Per-institution or per-seat licensing is the model closest to enterprise SaaS norms and the format most likely in use in undisclosed B2B contracts. LinkedIn Learning's standard enterprise model globally is per-seat annually; Coursera for Business uses a similar structure. Whether these platforms apply the same model in SEA enterprise deals is not confirmed by public sources, but the absence of any alternative model suggests they do. The risk of per-seat pricing in SEA is that employer training budgets are thin — Thailand's 18% firm training rate is the clearest signal of this — meaning the addressable base for enterprise per-seat pricing is narrower than the headline workforce numbers suggest.
Individual learners will not pay much without a subsidy — employer budgets are thin everywhere except Singapore.
The Van Westendorp floor in SEA TVET is set by what schemes pay, not what learners value.
Van Westendorp's Price Sensitivity Model identifies four price thresholds: too cheap, acceptable, too expensive, and unacceptably expensive. In SEA TVET, the subsidy architecture compresses these into a single question: is this course reimbursable? If yes, learner willingness to pay is irrelevant — the scheme pays. If no, willingness to pay drops sharply. Vietnam's vocational migration context illustrates the outer bound of individual sacrifice: Vietnamese workers heading to Germany through broker channels tolerate fees up to EUR 20,000 with repayment expected over one to two years, despite a GDP per capita of approximately USD 4,000. That tolerance exists because the expected income gain is transformative and highly visible. For domestic vocational courses without a clear income signal, individual willingness to pay without subsidy is structurally low across the region.
Employer willingness to pay is more differentiated by market than by product quality. Singapore employers operate within a mature SkillsFuture system and face genuine competition for skilled workers, creating real budget pressure to train. Malaysian employers with more than ten staff pay a 1% payroll levy to HRD Corp and have a financial incentive to recover that levy through training spend — making the effective cost of approved training close to zero for the employer beyond administrative time. Indonesian employers are more fragmented; Kartu Prakerja targets pre-employment individuals rather than incumbent workers, leaving Indonesian employer training spend to bilateral negotiation with no scheme subsidy. Thai employers show the weakest training culture: the OECD's 2025 report on Thailand finds that public spending on adult vocational training is 2–4% of the education budget and only 18% of firms provide any formal training, well below the ASEAN average.
The practical implication for pricing is a three-tier willingness-to-pay map: Singapore employer-funded purchases are closest to global SaaS norms and can absorb higher per-seat prices; Malaysia employer purchases are scheme-mediated and price-insensitive up to the HRD Corp claimable ceiling; Indonesia and Thailand individual and employer purchases outside of subsidy schemes are price-sensitive with limited published evidence of what acceptable price points look like.
No named SEA vocational platform publishes pricing — and that fact is itself a competitive signal.

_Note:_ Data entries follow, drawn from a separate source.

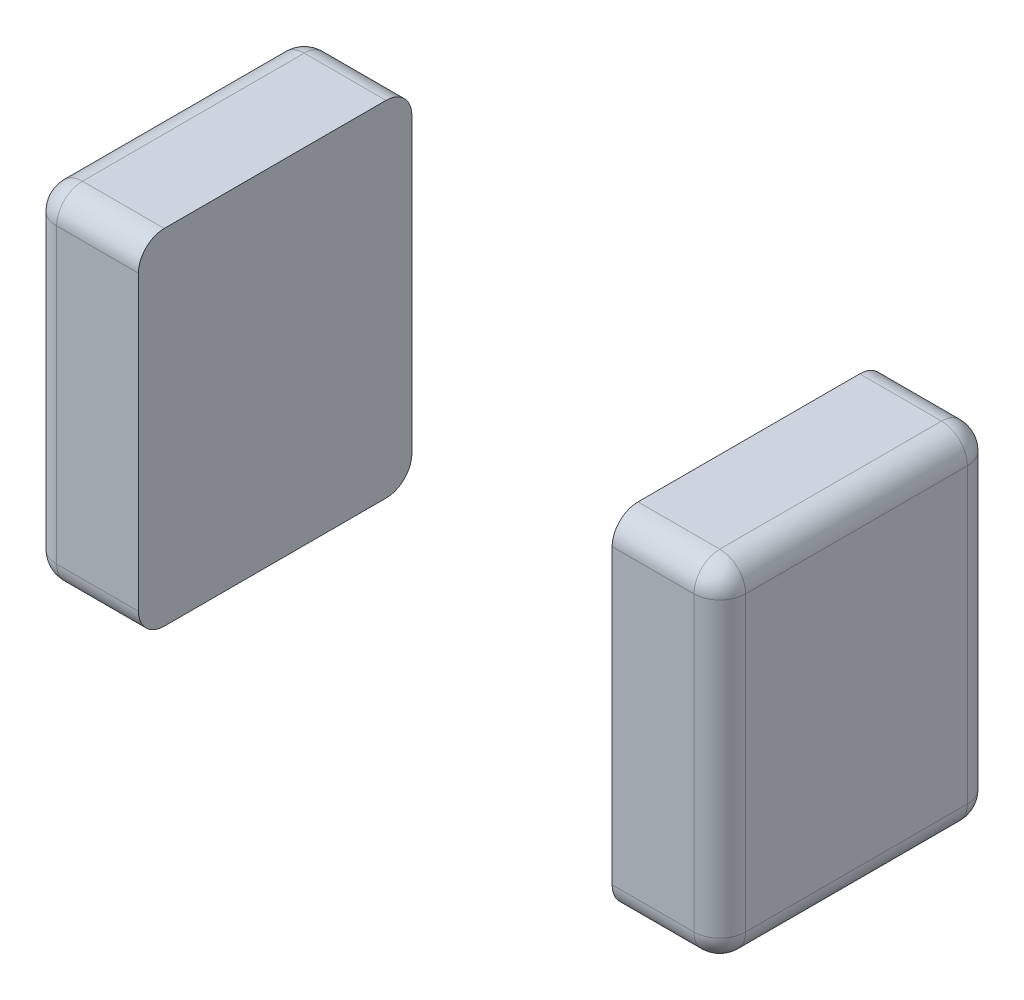
ISO-10303-21;
HEADER;
FILE_DESCRIPTION(('STEP AP214'),'2;1');
FILE_NAME('part.step','',(''),(''),'','','');
FILE_SCHEMA(('AUTOMOTIVE_DESIGN { 1 0 10303 214 1 1 1 1 }'));
ENDSEC;
DATA;
#1=APPLICATION_CONTEXT('core data for automotive mechanical design processes');
#2=APPLICATION_PROTOCOL_DEFINITION('international standard','automotive_design',2000,#1);
#3=PRODUCT_CONTEXT('',#1,'mechanical');
#4=PRODUCT('Part','Part','',(#3));
#5=PRODUCT_RELATED_PRODUCT_CATEGORY('part','',(#4));
#6=PRODUCT_DEFINITION_FORMATION('','',#4);
#7=PRODUCT_DEFINITION_CONTEXT('part definition',#1,'design');
#8=PRODUCT_DEFINITION('design','',#6,#7);
#9=PRODUCT_DEFINITION_SHAPE('','',#8);
#10=(LENGTH_UNIT() NAMED_UNIT(*) SI_UNIT(.MILLI.,.METRE.));
#11=(NAMED_UNIT(*) PLANE_ANGLE_UNIT() SI_UNIT($,.RADIAN.));
#12=(NAMED_UNIT(*) SI_UNIT($,.STERADIAN.) SOLID_ANGLE_UNIT());
#13=UNCERTAINTY_MEASURE_WITH_UNIT(LENGTH_MEASURE(1.E-05),#10,'distance_accuracy_value','');
#14=(GEOMETRIC_REPRESENTATION_CONTEXT(3) GLOBAL_UNCERTAINTY_ASSIGNED_CONTEXT((#13)) GLOBAL_UNIT_ASSIGNED_CONTEXT((#10,
#11,#12)) REPRESENTATION_CONTEXT('',''));
#15=CARTESIAN_POINT('',(0.,0.,0.));
#16=DIRECTION('',(0.,0.,1.));
#17=DIRECTION('',(1.,0.,0.));
#18=AXIS2_PLACEMENT_3D('',#15,#16,#17);
#19=CARTESIAN_POINT('',(-1.35,0.,0.));
#20=DIRECTION('',(0.,0.,1.));
#21=DIRECTION('',(1.,0.,0.));
#22=AXIS2_PLACEMENT_3D('',#19,#20,#21);
#23=PLANE('',#22);
#24=DIRECTION('',(-1.,0.,0.));
#25=VECTOR('',#24,1.);
#26=CARTESIAN_POINT('',(-1.225,0.68,0.));
#27=LINE('',#26,#25);
#28=CARTESIAN_POINT('',(-1.1,0.68,0.));
#29=VERTEX_POINT('',#28);
#30=CARTESIAN_POINT('',(-1.48,0.68,0.));
#31=VERTEX_POINT('',#30);
#32=EDGE_CURVE('P0_E143',#29,#31,#27,.T.);
#33=ORIENTED_EDGE('',*,*,#32,.F.);
#34=DIRECTION('',(0.,1.,0.));
#35=VECTOR('',#34,1.);
#36=CARTESIAN_POINT('',(-1.1,-0.8,0.));
#37=LINE('',#36,#35);
#38=CARTESIAN_POINT('',(-1.1,-0.68,0.));
#39=VERTEX_POINT('',#38);
#40=EDGE_CURVE('P0_E11',#39,#29,#37,.T.);
#41=ORIENTED_EDGE('',*,*,#40,.F.);
#42=DIRECTION('',(1.,0.,0.));
#43=VECTOR('',#42,1.);
#44=CARTESIAN_POINT('',(-1.475,-0.68,0.));
#45=LINE('',#44,#43);
#46=CARTESIAN_POINT('',(-1.48,-0.68,0.));
#47=VERTEX_POINT('',#46);
#48=EDGE_CURVE('P0_E158',#47,#39,#45,.T.);
#49=ORIENTED_EDGE('',*,*,#48,.F.);
#50=DIRECTION('',(0.,-1.,0.));
#51=VECTOR('',#50,1.);
#52=CARTESIAN_POINT('',(-1.48,0.4,0.));
#53=LINE('',#52,#51);
#54=EDGE_CURVE('P0_E184',#31,#47,#53,.T.);
#55=ORIENTED_EDGE('',*,*,#54,.F.);
#56=EDGE_LOOP('',(#33,#41,#49,#55));
#57=FACE_BOUND('',#56,.T.);
#58=ADVANCED_FACE('P0_F17',(#57),#23,.F.);
#59=CARTESIAN_POINT('',(-1.6,-0.8,0.));
#60=DIRECTION('',(0.,-1.,0.));
#61=DIRECTION('',(0.,0.,-1.));
#62=AXIS2_PLACEMENT_3D('',#59,#60,#61);
#63=PLANE('',#62);
#64=DIRECTION('',(-1.,0.,0.));
#65=VECTOR('',#64,1.);
#66=CARTESIAN_POINT('',(-1.475,-0.8,0.12));
#67=LINE('',#66,#65);
#68=CARTESIAN_POINT('',(-1.1,-0.8,0.12));
#69=VERTEX_POINT('',#68);
#70=CARTESIAN_POINT('',(-1.48,-0.8,0.12));
#71=VERTEX_POINT('',#70);
#72=EDGE_CURVE('P0_E165',#69,#71,#67,.T.);
#73=ORIENTED_EDGE('',*,*,#72,.F.);
#74=DIRECTION('',(0.,0.,1.));
#75=VECTOR('',#74,1.);
#76=CARTESIAN_POINT('',(-1.1,-0.8,0.));
#77=LINE('',#76,#75);
#78=CARTESIAN_POINT('',(-1.1,-0.8,1.15));
#79=VERTEX_POINT('',#78);
#80=EDGE_CURVE('P0_E25',#69,#79,#77,.T.);
#81=ORIENTED_EDGE('',*,*,#80,.T.);
#82=DIRECTION('',(1.,0.,0.));
#83=VECTOR('',#82,1.);
#84=CARTESIAN_POINT('',(-1.475,-0.8,1.15));
#85=LINE('',#84,#83);
#86=CARTESIAN_POINT('',(-1.48,-0.8,1.15));
#87=VERTEX_POINT('',#86);
#88=EDGE_CURVE('P0_E209',#87,#79,#85,.T.);
#89=ORIENTED_EDGE('',*,*,#88,.F.);
#90=DIRECTION('',(0.,0.,1.));
#91=VECTOR('',#90,1.);
#92=CARTESIAN_POINT('',(-1.48,-0.8,0.));
#93=LINE('',#92,#91);
#94=EDGE_CURVE('P0_E177',#71,#87,#93,.T.);
#95=ORIENTED_EDGE('',*,*,#94,.F.);
#96=EDGE_LOOP('',(#73,#81,#89,#95));
#97=FACE_BOUND('',#96,.T.);
#98=ADVANCED_FACE('P0_F243',(#97),#63,.T.);
#99=CARTESIAN_POINT('',(-1.1,-0.8,0.));
#100=DIRECTION('',(1.,0.,0.));
#101=DIRECTION('',(0.,1.,0.));
#102=AXIS2_PLACEMENT_3D('',#99,#100,#101);
#103=PLANE('',#102);
#104=CARTESIAN_POINT('',(-1.1,0.68,0.12));
#105=DIRECTION('',(-1.,0.,0.));
#106=DIRECTION('',(0.,0.707106781186548,-0.707106781186548));
#107=AXIS2_PLACEMENT_3D('',#104,#105,#106);
#108=CIRCLE('',#107,0.12);
#109=CARTESIAN_POINT('',(-1.1,0.8,0.12));
#110=VERTEX_POINT('',#109);
#111=EDGE_CURVE('P0_E179',#110,#29,#108,.T.);
#112=ORIENTED_EDGE('',*,*,#111,.F.);
#113=DIRECTION('',(0.,0.,1.));
#114=VECTOR('',#113,1.);
#115=CARTESIAN_POINT('',(-1.1,0.8,0.));
#116=LINE('',#115,#114);
#117=CARTESIAN_POINT('',(-1.1,0.8,1.15));
#118=VERTEX_POINT('',#117);
#119=EDGE_CURVE('P0_E37',#110,#118,#116,.T.);
#120=ORIENTED_EDGE('',*,*,#119,.T.);
#121=CARTESIAN_POINT('',(-1.1,0.68,1.15));
#122=DIRECTION('',(-1.,0.,0.));
#123=DIRECTION('',(0.,0.707106781186548,0.707106781186548));
#124=AXIS2_PLACEMENT_3D('',#121,#122,#123);
#125=CIRCLE('',#124,0.12);
#126=CARTESIAN_POINT('',(-1.1,0.68,1.27));
#127=VERTEX_POINT('',#126);
#128=EDGE_CURVE('P0_E205',#127,#118,#125,.T.);
#129=ORIENTED_EDGE('',*,*,#128,.F.);
#130=DIRECTION('',(0.,1.,0.));
#131=VECTOR('',#130,1.);
#132=CARTESIAN_POINT('',(-1.1,-0.8,1.27));
#133=LINE('',#132,#131);
#134=CARTESIAN_POINT('',(-1.1,-0.68,1.27));
#135=VERTEX_POINT('',#134);
#136=EDGE_CURVE('P0_E47',#135,#127,#133,.T.);
#137=ORIENTED_EDGE('',*,*,#136,.F.);
#138=CARTESIAN_POINT('',(-1.1,-0.68,1.15));
#139=DIRECTION('',(-1.,0.,0.));
#140=DIRECTION('',(0.,-0.707106781186548,0.707106781186548));
#141=AXIS2_PLACEMENT_3D('',#138,#139,#140);
#142=CIRCLE('',#141,0.12);
#143=EDGE_CURVE('P0_E196',#79,#135,#142,.T.);
#144=ORIENTED_EDGE('',*,*,#143,.F.);
#145=ORIENTED_EDGE('',*,*,#80,.F.);
#146=CARTESIAN_POINT('',(-1.1,-0.68,0.12));
#147=DIRECTION('',(-1.,0.,0.));
#148=DIRECTION('',(0.,-0.707106781186548,-0.707106781186548));
#149=AXIS2_PLACEMENT_3D('',#146,#147,#148);
#150=CIRCLE('',#149,0.12);
#151=EDGE_CURVE('P0_E272',#39,#69,#150,.T.);
#152=ORIENTED_EDGE('',*,*,#151,.F.);
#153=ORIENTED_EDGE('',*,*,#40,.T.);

When no one publishes a price, the first platform that does reframes the conversation.
The competitive pricing research for this report returned a consistent finding: every named platform operating at scale in SEA vocational and TVET categories — Ruangguru, Skill Academy, Pijar Mahir, Coursera for Business, LinkedIn Learning — withholds institutional pricing from public-facing channels. This is not unusual in enterprise software, but it is notable in a market where the dominant buyer (the government scheme) sets explicit reimbursement caps. The opacity serves a different purpose here: it prevents employers and institutions from knowing whether competitors are charging more or less, maintaining bilateral negotiating leverage for every deal.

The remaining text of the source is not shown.